I can certainly run the timestamp through a set of sed steps to parse out the individual pieces of information in the logfile, but I'm afraid that what I have thus far is, in addition being obviously cumbersome and probably quite amateurish, potentially unproductive and not really the right way to go about this:

#!/bin/bash
# Sets startDate variable with current timestamp in logfile's format, removes unnecessary characters, and converts to underscore delimited format
export startDate=`date +%b\ %-d\,\ %Y\ %-l\:%M\:%S\ %p | sed 's/ /_/g' | sed 's/,//g' | sed 's/:/_/g'`

# Sets each field in timestamp to individual variables using cut
export startMonth=`echo $startDate | cut -d\_ -f1`
export startDay=`echo $startDate | cut -d\_ -f2`
export startYear=`echo $startDate | cut -d\_ -f3`
export startAMPM=`echo $startDate | cut -d\_ -f7`
export startHour=`echo $startDate | cut -d\_ -f4`
# Converts 12-hour time to 24-hour time
if [ "$startAMPM" == PM];
    then export startHour=$(($startHour + 12))
fi
export startMin=`echo $startDate | cut -d\_ -f5`
export startSec=`echo $startDate | cut -d\_ -f6`

If I echo each of these variables individually at the end of the script, what I get when running it is this:

Jul 11 2012 19 53 22

I can do all this same logic on the entry in the application's logfile as well (replacing the date command with for instance, :

cat /path/to/logfile | grep "Application deployment complete"

-- but I guess my big question here is, then what?

How can I actually use that information to look for the right entry?
Also, is there a better way to parse out that information?

Thanks very much everyone, I appreciate the help.

methyl · July 11, 2012, 8:34pm

Please post what Oparating System and version you are running and what Shell you prefer.

For anything to do with date arithmetic, please post whether you have the GNU date command and/or a modern version of perl .
Please also post sample data for a date from last week (i.e. with a single digit day).

Chubler_XL · July 11, 2012, 11:17pm

Can you take note of how many lines are in the logfile when the process starts and then look for the "Application deployment complete" message on a line greater than this?

danowar · July 12, 2012, 12:07am

Hi Methyl, thanks very much. Operating system is Red Hat Enterprise Linux Server release 5.5; I prefer the bash shell.

I do appear to have the GNU date command: the bottom of the date manpage shows it as 'date 5.97', and is dated February 2010.

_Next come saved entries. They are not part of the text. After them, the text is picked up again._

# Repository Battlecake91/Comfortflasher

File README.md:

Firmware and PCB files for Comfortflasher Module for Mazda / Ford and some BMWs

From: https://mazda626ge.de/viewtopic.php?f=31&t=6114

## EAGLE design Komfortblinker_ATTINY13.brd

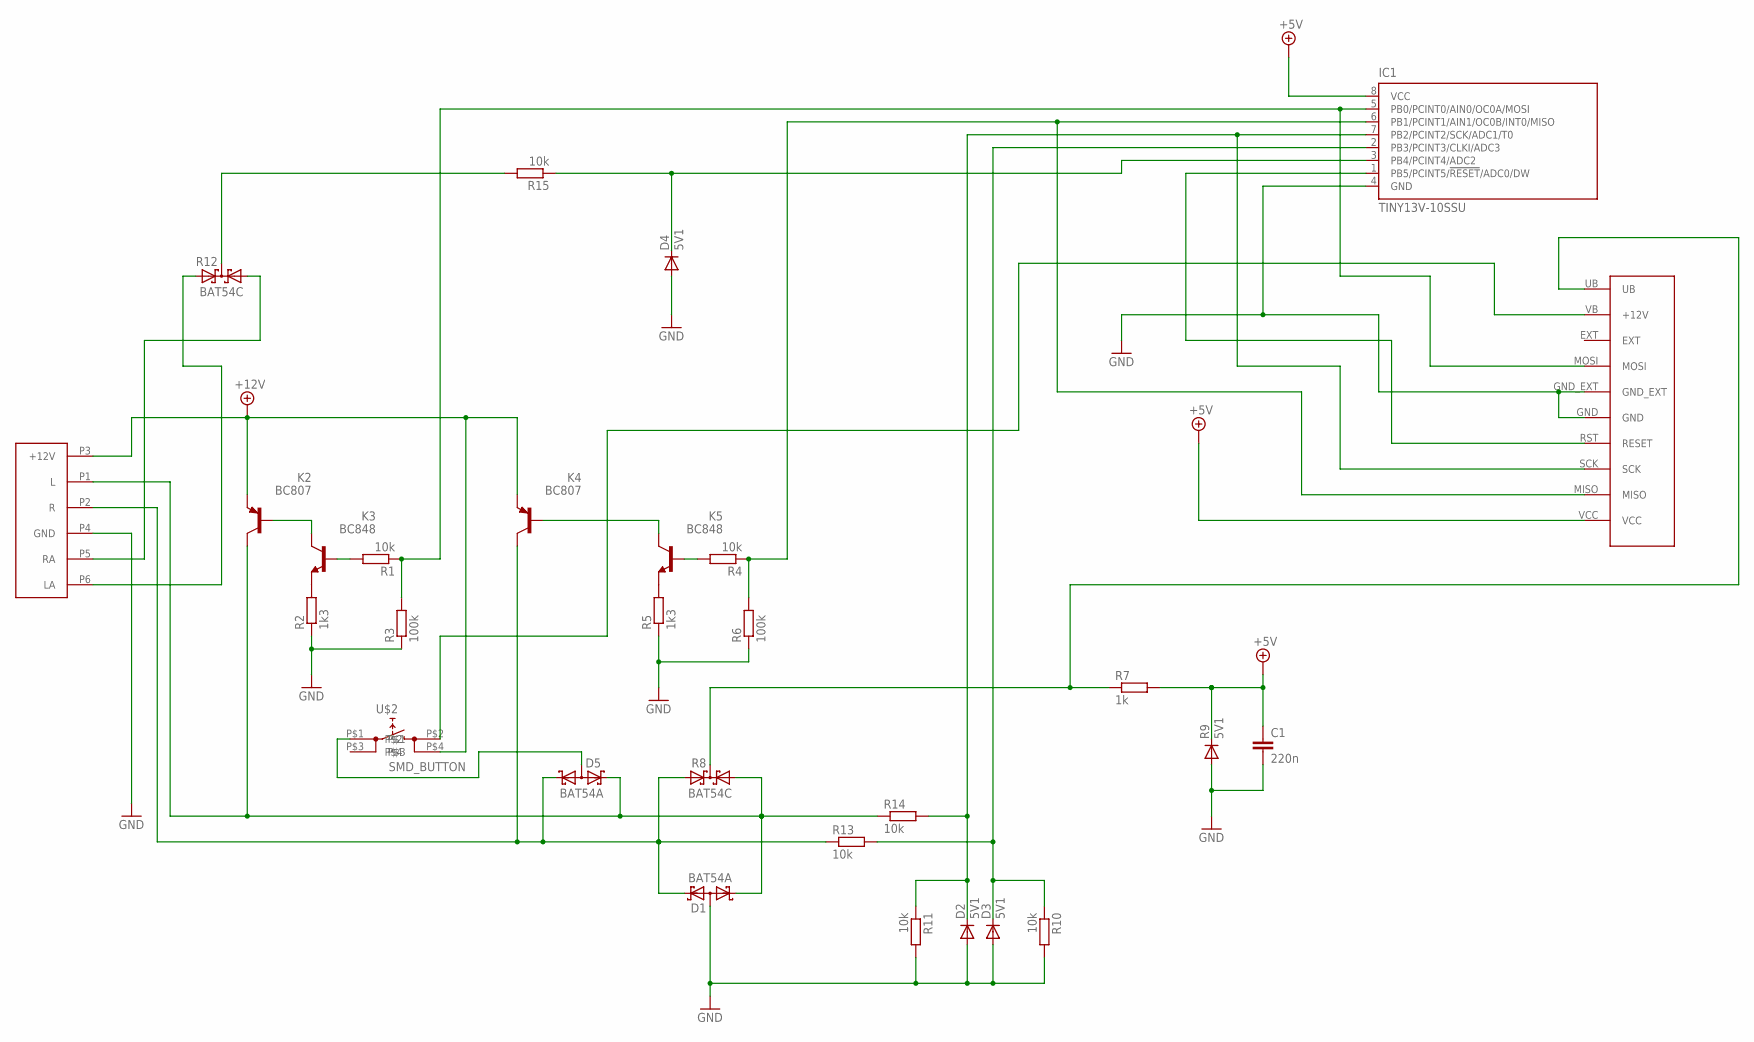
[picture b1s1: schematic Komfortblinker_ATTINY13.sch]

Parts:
C1: 220n; C0805
D1, D5: BAT54A; SOT23
D2, D3, D4: 5V1; SOD123
IC1: TINY13V-10SSU; 8S1
K2, K4: BC807; SOT23-BEC
K3, K5: BC848; SOT23
R1, R4, R10, R11, R15: 10k; R0805
R2, R5: 1k3; R0805
R3, R6: 100k; R0805
R7: 1k; M0805
R8, R12: BAT54C; SOT23
R9: 5V1; MINIMELF
R13, R14: 10k; M0805
U$2: SMD_BUTTON
U$3: PROGRAMMING
U$4: CON-KOMFORT

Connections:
+5V: C1.1, IC1.8 (VCC), R7.2, R9.C, U$3.VCC
+12V: K2.E, K4.E, U$2.P$4, U$4.P3 (+12V)
+12V2: U$2.P$2, U$3.VB (+12V)
BK2: K2.B, K3.3 (C)
BK3: K3.1 (B), R1.2
BK4: K4.B, K5.3 (C)
BK5: K5.1 (B), R4.2
FB: D4.C, IC1.3 (PB4/PCINT4/ADC2), R15.1
GND: C1.2, D1.3 (AA), D2.A, D3.A, D4.A, IC1.4 (GND), R2.1, R3.1, R5.1, R6.1, R9.A, R10.2, R11.2, U$3.GND, U$3.GND_EXT, U$4.P4 (GND)
L: D1.1 (K1), D5.2 (K2), K2.C, R8.1 (A1), R14.1, U$4.P1 (L)
L2: D2.C, IC1.7 (PB2/PCINT2/SCK/ADC1/T0), R11.1, R14.2, U$3.SCK
LA: R12.2 (A2), U$4.P6 (LA)
LRA: R12.3 (CC), R15.2
LS: IC1.5 (PB0/PCINT0/AIN0/OC0A/MOSI), R1.1, R3.2, U$3.MOSI
unnamed: K5.2 (E), R5.2
unnamed: K3.2 (E), R2.2
unnamed: D5.3 (AA), U$2.P$1
R: D1.2 (K2), D5.1 (K1), K4.C, R8.2 (A2), R13.1, U$4.P2 (R)
R2: D3.C, IC1.2 (PB3/PCINT3/CLKI/ADC3), R10.1, R13.2
RA: R12.1 (A1), U$4.P5 (RA)
RESET: IC1.1 (PB5/PCINT5/!RESET!/ADC0/DW), U$3.RST (RESET)
RS: IC1.6 (PB1/PCINT1/AIN1/OC0B/INT0/MISO), R4.1, R6.2, U$3.MISO
UB: R7.1, R8.3 (CC), U$3.UB

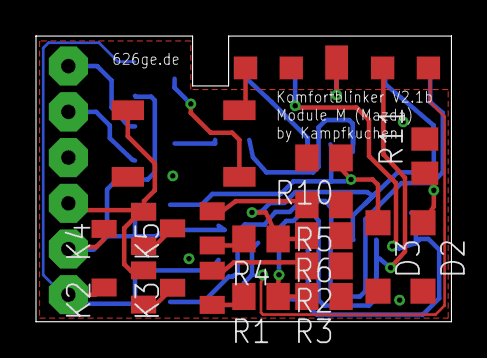
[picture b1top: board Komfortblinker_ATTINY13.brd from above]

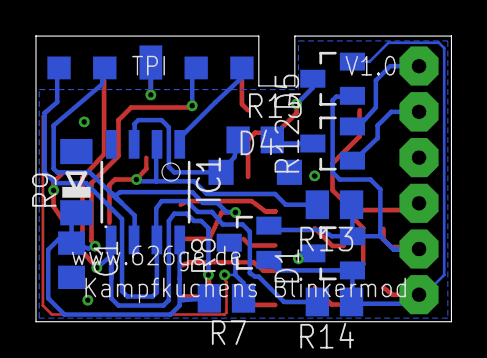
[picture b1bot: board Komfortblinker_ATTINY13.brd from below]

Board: 2 copper layers, 23.1 x 15.9 mm, 29 parts (12 on the bottom side), 23 nets.

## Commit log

2024-12-23 Update main.c
    Changed many stuff
    Added Feedback-Timeout
    Changed Min-Time to 100ms
    added initial cycle-setup
    changed many variablenames
2024-12-23 Added Debug and Release files.

A sample the log file in question:

cat application-logfile.log | grep "Application deployment complete."
[Jun 20, 2012 3:57:57 PM]: Application deployment complete.
[Jun 27, 2012 12:28:14 PM]: Application deployment complete.
[Jun 28, 2012 10:38:10 PM]: Application deployment complete.
[Jul 6, 2012 7:35:38 PM]: Application deployment complete.
[Jul 10, 2012 7:47:45 PM]: Application deployment complete.

(Single-digit days are not zero-padded, which is why I used %-d in my test date command).

Regarding Perl, if it is included by default in the RHEL 5.5 Server release, then I probably do; I really don't know anything at all about Perl, and sadly have tended to avoid it accordingly. I'm sure it's much easier to do all this with a Perl script, but that's a whole other can of worms I'm hesitant to open. =\

---------- Post updated at 11:07 PM ---------- Previous update was at 11:03 PM ----------

I theoretically could, but I think that's a less reliable way to work in as a condition -- it is possible for a deployment activity here to be triggered manually outside the context of the actions my script is taking, which wouldn't necessarily interfere with the script's actions, but would mess up the deployment 'instance' counting if I did it this way, particularly considering the variable length and history of the application's log. Good idea, just impractical in this particular scenario -- I appreciate it, though!